The Research and Development (R&D) tax credit scheme has been running for over 15 years to reward innovative companies and to stimulate growth in the economy. Food Processing finds out more. 

The scheme works by reducing a company’s corporation tax bills, sometimes to zero and loss making companies can claim a cash payment. The scheme is applicable to any UK company seeking to improve or develop new products or processes, whether they be manufacturers, machinery makers, packing suppliers or anything in between – there are no industry or sector specific qualification criteria.

The downside of the scheme is that it is poorly understood and many companies don’t recognise that what they are doing qualifies as R&D. A good deal of professional advisors are also unsure, so many potential beneficiaries of the scheme are missing out.

Eligibility criteria
If you are a UK registered limited company (not LLPs, partnerships or sole traders) you have the potential to benefit. To qualify you need to be involved in attempting to do something that is more than just routine work. The Government guidance says: ‘Work that advances overall knowledge or capability in a field of science or technology, and projects and activities that help resolve scientific or technological uncertainties, may qualify for R&D relief’.

It is easier to think of the scheme in terms of projects to develop new or improved processes or products. Project examples include reducing salt or sugar content, removing allergens, becoming gluten free, having all natural flavours; creating new manufacturing process, machinery, equipment and process automation/robotics; improving food products or packaging and packaging materials for better shelf life or to reduce food waste; or developing new or improved hardware and software control systems.

So, what sort of R&D work can be claimed for? According to Linda Eziquiel, a principal consultant at R&D Tax, you first have to identify what qualifying activities you have undertaken and how much they have cost you. “The lion’s share is usually internal labour costs – ‘white coat’ and ‘brown coat’ employees and project managers working on development projects,” she said. You can also include the relevant portion of your energy, consumables and wasted material or ingredient, used up as part of the development process. A portion (65%) of relevant costs associated with hiring contractors or test facilities and agency staff to help you with your development projects also counts.

“All the costs must be revenue expenses incurred during the relevant accounting period (including qualifying capitalised/amortised intangible assets). You cannot include the cost of purchasing large pieces of equipment or machinery (there is a separate scheme that relates to capital expenditure).”

There are two schemes – one for large companies with over 500 employees and one for SMEs with under 500 employees. SME’s get back between 18% and 33% of their qualifying R&D costs while large companies get back around 9% of their qualifying R&D costs.

Successful claims from food processors have included:

All-natural ice cream manufacturer:
Each year Disotto Foods spends an average of £150,000 on qualifying R&D activities and its R&D claim has been reducing its tax bills by around £40,000 per year. It has been claiming R&D tax relief for six years. In a typical year the company might launch 20 new products and another 20 products are worked on but not launched. The company was already producing a successful range of ice creams but taste trends change and there is an increasing demand for ‘all natural’ products. The company wanted to develop a new range of ‘all natural’ ice cream recipes in new flavours, that it could successfully mass manufacture.

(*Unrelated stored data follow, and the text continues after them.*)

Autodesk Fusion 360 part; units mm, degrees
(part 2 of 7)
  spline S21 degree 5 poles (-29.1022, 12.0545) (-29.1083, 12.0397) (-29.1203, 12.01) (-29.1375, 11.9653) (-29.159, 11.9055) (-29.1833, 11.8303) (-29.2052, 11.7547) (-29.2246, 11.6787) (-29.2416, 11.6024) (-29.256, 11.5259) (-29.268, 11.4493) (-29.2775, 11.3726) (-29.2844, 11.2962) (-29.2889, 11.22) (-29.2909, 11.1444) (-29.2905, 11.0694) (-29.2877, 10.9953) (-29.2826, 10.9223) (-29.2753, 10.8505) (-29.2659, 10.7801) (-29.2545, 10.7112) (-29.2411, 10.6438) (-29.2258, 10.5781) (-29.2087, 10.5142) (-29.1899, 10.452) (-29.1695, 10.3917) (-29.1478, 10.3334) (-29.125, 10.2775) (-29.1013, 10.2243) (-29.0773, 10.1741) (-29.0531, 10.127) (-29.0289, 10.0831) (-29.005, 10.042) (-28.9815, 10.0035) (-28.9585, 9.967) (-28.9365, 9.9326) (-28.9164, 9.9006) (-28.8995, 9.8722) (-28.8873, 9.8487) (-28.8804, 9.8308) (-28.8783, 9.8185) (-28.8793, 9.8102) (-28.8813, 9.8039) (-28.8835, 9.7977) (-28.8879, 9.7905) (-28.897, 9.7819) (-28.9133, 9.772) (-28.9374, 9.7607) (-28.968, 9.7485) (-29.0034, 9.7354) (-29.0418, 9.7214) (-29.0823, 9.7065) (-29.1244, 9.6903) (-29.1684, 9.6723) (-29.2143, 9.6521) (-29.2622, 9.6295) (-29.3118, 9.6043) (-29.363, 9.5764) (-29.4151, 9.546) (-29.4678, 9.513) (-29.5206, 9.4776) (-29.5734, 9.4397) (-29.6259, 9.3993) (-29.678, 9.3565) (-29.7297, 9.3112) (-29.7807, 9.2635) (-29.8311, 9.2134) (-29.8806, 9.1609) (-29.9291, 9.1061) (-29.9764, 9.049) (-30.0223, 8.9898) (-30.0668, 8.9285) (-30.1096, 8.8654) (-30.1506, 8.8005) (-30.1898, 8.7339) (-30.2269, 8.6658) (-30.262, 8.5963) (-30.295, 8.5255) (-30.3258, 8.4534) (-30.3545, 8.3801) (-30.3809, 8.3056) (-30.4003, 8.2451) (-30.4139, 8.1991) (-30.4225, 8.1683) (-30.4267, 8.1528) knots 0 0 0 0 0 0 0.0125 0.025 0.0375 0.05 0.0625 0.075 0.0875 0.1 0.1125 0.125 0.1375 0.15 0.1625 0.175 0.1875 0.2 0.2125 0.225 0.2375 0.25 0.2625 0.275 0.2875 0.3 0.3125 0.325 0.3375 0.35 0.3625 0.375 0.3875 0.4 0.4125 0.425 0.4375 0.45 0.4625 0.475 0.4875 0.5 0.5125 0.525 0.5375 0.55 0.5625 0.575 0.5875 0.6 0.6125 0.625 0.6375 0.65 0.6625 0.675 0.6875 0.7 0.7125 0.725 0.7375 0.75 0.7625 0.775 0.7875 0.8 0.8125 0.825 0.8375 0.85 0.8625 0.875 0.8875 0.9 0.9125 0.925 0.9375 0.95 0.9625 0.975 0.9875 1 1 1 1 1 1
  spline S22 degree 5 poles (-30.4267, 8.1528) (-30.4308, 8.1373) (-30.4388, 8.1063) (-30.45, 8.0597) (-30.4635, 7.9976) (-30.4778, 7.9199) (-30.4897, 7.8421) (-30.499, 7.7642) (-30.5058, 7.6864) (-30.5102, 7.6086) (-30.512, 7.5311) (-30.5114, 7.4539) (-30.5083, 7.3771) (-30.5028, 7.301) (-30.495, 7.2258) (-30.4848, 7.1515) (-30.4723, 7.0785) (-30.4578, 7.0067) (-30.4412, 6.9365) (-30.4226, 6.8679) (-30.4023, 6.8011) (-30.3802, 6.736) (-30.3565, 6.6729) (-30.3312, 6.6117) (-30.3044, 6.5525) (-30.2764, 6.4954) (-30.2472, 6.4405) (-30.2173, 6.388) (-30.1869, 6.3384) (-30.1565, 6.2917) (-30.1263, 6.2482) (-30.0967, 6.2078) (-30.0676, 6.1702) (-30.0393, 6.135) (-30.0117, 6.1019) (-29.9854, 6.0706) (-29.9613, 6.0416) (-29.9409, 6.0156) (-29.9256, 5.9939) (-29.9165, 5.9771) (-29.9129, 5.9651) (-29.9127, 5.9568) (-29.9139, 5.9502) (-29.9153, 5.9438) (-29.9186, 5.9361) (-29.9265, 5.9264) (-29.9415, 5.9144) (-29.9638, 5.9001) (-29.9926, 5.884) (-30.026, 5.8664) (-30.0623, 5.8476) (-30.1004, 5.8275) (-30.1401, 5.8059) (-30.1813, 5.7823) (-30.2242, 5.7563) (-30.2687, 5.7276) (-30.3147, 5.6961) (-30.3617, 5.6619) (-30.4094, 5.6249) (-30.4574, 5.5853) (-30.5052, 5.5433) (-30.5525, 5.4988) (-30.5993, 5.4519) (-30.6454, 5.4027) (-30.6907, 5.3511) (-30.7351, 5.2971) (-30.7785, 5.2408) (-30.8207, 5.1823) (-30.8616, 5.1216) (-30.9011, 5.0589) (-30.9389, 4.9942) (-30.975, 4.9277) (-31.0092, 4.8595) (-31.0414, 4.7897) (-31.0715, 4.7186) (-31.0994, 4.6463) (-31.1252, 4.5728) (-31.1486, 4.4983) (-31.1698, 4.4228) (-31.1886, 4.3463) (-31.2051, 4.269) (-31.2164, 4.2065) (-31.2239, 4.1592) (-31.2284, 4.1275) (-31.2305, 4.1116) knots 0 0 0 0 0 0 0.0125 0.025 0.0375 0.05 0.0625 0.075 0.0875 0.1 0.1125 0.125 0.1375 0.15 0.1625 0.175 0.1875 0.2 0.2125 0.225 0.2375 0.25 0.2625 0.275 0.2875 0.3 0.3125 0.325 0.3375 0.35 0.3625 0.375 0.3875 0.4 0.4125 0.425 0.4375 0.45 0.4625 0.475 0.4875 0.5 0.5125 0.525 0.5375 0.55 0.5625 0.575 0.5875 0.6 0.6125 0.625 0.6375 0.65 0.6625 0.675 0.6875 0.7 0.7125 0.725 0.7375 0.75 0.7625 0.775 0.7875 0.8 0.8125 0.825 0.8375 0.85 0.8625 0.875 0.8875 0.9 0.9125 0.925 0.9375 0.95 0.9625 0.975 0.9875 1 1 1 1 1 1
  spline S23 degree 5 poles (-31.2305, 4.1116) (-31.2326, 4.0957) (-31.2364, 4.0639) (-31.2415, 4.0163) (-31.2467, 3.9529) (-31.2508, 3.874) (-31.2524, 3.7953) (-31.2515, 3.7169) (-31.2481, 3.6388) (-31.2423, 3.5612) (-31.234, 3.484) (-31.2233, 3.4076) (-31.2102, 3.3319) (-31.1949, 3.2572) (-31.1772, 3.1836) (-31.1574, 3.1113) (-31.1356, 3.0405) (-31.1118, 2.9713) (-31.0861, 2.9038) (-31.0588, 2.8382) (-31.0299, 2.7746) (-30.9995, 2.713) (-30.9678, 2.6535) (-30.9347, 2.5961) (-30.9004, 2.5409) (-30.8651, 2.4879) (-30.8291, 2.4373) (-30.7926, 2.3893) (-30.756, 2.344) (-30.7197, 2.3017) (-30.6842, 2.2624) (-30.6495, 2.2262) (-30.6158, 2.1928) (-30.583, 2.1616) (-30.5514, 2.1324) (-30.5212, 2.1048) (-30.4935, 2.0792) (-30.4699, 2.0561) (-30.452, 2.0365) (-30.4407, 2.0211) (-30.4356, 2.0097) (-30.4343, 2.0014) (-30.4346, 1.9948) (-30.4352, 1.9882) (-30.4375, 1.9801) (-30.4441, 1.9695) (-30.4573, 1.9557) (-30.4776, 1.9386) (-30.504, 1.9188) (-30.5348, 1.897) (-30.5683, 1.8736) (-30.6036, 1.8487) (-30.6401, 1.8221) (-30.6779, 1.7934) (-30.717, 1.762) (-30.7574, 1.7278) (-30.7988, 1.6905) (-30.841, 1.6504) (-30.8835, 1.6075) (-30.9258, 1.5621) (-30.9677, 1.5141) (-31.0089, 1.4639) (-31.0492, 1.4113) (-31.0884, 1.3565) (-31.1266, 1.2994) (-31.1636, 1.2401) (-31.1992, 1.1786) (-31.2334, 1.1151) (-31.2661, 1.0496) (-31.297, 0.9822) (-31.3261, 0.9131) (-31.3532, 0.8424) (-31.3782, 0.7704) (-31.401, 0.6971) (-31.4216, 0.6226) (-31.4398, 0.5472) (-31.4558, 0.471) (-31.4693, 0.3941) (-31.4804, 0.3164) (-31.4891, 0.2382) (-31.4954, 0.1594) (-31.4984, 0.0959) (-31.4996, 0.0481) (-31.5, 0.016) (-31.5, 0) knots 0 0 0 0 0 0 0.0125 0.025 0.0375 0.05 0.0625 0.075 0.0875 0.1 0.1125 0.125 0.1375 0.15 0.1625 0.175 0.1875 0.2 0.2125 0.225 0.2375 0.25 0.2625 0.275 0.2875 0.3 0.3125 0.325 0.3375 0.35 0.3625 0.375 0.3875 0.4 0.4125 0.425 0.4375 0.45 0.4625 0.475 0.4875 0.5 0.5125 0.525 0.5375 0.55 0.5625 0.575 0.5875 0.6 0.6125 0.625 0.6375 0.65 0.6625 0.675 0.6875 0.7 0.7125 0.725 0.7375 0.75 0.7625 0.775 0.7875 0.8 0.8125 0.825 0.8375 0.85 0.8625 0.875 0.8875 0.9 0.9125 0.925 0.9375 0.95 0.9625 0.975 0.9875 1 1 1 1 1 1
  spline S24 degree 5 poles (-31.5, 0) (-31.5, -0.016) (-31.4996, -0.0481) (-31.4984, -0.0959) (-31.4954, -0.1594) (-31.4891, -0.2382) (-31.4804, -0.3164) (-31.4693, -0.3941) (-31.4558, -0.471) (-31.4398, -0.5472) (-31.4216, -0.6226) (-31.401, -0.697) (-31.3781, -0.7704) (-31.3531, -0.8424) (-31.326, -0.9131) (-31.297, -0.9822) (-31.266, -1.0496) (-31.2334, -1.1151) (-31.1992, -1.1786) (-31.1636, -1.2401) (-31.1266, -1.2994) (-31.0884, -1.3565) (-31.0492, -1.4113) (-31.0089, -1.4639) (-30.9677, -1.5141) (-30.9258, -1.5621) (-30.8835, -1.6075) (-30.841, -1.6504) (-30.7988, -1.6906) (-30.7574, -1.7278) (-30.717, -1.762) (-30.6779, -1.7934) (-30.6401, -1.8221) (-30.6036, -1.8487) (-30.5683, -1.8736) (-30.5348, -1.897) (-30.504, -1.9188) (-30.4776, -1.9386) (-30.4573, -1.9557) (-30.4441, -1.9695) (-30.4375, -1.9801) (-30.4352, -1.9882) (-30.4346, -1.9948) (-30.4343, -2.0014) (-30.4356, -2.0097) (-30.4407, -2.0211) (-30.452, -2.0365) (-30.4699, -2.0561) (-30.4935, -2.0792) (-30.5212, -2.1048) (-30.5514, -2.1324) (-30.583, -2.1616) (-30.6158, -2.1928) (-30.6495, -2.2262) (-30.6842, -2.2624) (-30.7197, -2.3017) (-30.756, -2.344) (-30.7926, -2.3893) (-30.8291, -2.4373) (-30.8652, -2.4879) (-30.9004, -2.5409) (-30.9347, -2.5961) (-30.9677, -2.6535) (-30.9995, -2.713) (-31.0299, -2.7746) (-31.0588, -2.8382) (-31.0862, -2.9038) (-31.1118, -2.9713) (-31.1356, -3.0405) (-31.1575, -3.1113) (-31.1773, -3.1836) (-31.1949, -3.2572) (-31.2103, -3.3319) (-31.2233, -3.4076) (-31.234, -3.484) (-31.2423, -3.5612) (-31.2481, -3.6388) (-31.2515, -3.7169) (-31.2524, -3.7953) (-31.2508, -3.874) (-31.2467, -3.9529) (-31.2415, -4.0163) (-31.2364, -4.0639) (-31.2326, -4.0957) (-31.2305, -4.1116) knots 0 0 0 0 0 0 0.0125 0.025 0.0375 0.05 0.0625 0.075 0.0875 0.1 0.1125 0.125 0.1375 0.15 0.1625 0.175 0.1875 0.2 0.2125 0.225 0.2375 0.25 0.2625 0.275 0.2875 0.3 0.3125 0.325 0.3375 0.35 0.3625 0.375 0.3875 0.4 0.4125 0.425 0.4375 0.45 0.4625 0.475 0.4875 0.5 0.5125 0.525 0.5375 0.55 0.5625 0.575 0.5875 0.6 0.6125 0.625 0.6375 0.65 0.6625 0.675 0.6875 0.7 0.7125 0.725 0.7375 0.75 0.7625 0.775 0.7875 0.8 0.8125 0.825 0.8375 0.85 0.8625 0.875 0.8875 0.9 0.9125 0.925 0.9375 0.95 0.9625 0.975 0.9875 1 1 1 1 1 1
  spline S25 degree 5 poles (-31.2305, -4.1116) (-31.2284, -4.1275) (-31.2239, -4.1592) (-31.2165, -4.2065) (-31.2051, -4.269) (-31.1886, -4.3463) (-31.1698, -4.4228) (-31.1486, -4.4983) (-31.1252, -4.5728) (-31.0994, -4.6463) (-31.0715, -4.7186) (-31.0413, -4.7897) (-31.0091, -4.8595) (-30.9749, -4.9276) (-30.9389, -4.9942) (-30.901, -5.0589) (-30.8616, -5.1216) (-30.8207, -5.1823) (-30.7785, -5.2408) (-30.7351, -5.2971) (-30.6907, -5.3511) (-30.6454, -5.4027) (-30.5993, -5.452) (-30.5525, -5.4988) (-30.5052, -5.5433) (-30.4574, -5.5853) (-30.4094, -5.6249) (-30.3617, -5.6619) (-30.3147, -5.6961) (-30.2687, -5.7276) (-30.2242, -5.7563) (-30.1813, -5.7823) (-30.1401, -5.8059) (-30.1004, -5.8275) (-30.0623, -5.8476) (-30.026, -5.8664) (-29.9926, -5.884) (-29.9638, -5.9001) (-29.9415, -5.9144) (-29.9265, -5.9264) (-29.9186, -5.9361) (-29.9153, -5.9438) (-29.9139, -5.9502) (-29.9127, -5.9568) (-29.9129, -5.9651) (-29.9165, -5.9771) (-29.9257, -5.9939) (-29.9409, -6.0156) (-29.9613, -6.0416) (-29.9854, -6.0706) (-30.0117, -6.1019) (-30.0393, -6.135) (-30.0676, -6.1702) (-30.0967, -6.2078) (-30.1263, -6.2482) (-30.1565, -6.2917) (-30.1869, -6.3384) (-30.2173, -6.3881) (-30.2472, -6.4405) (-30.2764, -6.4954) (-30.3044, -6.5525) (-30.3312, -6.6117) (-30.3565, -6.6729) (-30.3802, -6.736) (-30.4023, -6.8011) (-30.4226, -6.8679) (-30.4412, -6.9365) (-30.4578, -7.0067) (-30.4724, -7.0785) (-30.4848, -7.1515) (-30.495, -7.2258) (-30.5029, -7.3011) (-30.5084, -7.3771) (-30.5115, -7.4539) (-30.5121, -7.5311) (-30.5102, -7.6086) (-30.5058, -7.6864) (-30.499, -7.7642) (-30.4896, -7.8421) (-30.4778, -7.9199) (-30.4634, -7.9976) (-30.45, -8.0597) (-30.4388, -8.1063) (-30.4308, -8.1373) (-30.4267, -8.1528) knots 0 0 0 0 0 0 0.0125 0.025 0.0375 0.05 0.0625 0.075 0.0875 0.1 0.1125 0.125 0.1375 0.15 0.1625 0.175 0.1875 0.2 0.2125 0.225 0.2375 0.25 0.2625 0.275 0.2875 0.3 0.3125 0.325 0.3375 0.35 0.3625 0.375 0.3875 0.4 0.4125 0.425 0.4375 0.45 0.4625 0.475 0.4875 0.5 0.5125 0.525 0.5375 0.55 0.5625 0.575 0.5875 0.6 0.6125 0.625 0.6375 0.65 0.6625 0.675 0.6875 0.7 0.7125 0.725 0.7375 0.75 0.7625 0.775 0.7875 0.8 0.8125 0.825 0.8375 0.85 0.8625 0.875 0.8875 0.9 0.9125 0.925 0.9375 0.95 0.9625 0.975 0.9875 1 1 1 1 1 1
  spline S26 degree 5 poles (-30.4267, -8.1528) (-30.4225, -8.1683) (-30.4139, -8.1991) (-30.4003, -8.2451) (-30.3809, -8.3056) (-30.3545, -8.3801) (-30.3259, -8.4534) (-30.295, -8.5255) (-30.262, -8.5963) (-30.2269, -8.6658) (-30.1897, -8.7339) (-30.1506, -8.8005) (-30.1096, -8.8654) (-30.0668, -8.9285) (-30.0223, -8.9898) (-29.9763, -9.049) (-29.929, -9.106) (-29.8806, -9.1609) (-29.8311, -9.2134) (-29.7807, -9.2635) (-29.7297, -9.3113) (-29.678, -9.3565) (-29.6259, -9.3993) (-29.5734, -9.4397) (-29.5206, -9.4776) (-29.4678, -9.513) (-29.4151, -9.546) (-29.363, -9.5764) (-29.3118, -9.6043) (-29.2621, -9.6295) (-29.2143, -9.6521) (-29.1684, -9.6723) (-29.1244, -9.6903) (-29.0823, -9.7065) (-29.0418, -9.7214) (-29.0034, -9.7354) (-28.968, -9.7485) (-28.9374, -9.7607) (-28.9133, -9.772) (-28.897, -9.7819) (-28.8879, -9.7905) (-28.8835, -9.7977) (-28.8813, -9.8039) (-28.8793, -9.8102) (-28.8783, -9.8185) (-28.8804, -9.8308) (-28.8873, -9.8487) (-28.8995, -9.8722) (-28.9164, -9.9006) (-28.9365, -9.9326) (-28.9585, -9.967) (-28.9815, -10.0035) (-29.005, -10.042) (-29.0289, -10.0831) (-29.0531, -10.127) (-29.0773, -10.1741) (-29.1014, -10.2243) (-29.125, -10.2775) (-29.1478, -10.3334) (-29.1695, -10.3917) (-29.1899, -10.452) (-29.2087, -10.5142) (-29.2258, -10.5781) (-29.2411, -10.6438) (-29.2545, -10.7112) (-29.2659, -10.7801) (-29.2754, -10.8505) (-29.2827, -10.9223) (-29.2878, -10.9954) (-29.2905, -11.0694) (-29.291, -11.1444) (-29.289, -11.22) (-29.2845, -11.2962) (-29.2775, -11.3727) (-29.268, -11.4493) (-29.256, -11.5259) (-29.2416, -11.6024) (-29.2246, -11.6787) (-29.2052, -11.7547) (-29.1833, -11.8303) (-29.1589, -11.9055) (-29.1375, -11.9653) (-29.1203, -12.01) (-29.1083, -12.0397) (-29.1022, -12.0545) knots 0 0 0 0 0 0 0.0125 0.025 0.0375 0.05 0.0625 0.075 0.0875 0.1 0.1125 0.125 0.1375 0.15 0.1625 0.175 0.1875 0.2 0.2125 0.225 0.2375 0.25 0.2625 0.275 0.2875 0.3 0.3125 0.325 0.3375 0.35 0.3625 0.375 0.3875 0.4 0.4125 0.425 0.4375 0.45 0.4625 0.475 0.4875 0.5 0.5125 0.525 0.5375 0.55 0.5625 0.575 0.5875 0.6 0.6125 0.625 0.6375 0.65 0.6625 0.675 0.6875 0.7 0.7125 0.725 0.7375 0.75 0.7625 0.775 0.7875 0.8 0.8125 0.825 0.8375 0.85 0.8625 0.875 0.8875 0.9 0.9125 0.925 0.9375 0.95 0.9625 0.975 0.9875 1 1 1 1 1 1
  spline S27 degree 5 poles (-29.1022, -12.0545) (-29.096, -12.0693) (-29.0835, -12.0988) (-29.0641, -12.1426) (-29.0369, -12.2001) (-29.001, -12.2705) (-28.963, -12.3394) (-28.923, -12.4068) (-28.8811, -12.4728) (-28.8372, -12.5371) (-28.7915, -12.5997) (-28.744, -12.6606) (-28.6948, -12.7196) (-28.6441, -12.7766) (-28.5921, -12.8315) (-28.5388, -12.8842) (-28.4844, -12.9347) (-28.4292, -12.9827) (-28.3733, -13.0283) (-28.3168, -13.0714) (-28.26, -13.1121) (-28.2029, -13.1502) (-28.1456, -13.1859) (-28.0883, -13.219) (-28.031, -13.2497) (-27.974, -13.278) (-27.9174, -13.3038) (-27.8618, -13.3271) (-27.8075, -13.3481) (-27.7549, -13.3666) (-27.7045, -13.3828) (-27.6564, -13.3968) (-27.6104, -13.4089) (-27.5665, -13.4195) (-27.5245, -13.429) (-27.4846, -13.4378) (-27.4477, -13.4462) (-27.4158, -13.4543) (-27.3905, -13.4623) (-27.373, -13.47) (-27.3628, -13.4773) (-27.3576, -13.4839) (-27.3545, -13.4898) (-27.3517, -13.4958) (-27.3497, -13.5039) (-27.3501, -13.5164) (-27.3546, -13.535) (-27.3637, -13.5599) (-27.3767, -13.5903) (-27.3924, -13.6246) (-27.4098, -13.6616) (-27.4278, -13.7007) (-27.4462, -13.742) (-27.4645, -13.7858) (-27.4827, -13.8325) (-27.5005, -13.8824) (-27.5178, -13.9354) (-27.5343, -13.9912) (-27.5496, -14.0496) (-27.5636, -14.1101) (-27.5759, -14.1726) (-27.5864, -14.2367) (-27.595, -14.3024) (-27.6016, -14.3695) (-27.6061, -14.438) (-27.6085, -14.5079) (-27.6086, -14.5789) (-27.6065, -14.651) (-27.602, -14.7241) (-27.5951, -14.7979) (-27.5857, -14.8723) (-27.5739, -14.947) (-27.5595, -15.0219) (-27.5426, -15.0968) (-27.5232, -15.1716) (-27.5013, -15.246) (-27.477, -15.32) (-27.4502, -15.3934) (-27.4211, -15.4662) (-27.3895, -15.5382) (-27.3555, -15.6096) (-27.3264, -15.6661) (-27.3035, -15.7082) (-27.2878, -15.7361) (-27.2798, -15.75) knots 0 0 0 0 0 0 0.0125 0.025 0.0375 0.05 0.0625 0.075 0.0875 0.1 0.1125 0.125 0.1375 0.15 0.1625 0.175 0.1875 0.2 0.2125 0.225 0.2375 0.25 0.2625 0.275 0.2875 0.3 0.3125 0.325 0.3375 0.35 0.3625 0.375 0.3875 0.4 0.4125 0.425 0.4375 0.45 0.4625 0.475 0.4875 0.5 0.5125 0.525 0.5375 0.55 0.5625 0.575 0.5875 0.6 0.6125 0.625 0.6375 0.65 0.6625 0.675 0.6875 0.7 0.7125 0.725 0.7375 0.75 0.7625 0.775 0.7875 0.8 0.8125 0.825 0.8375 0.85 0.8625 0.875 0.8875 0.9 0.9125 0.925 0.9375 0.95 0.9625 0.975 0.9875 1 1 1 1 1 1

The ‘scientific and technological’ uncertainties are in how to develop effective recipes that will be of the right consistency, taste and characteristics to work in the mass manufacturing process. It was necessary to research and trial different ingredients to find natural replacements that would work as a substitute for its tried and tested ingredients. Every change in the ingredients has an impact at all levels including texture, taste, shelf life and price point and it may also cause problems when mass manufacturing trials begin. The company researched possible ‘natural’ ingredients that could be used as substitutes in its base recipes and developed some of its flavourings.

The company’s recipes are initially produced in five litre batches. Those that pass the taste test and meet necessary standards go on to be produced in larger batches. At this point recipes often need adjusting or even have to be abandoned. A few will make it to mass manufacturing trails and if it is found at that point they work and meet a good price point they go on to be launched. Inevitably many fail along the way. Qualifying costs on failed projects are valid R&D costs.

Sandwich producer: This company makes sandwiches in large quantities and they all need to be well packaged, sometimes for specific purposes. The company needs to develop new packaging and is always looking for ways to be more efficient in its production processes. It received a cash benefit of around £33,000 as a result of an R&D claim last year.

Some pre-packaged sandwiches for airlines are re-heated on the plane. An incident where a cabin became fume filled resulted in new packaging regulations and the company wanted to see if it could develop heatproof inks and films. It did not know if it could find a packaging film which would be heatproof to around 200ºC and a suitable ink that did not run or give off fumes when heated to a similar temperature. If it could find such solutions there would still be uncertainly over whether they could be combined and how best to do that.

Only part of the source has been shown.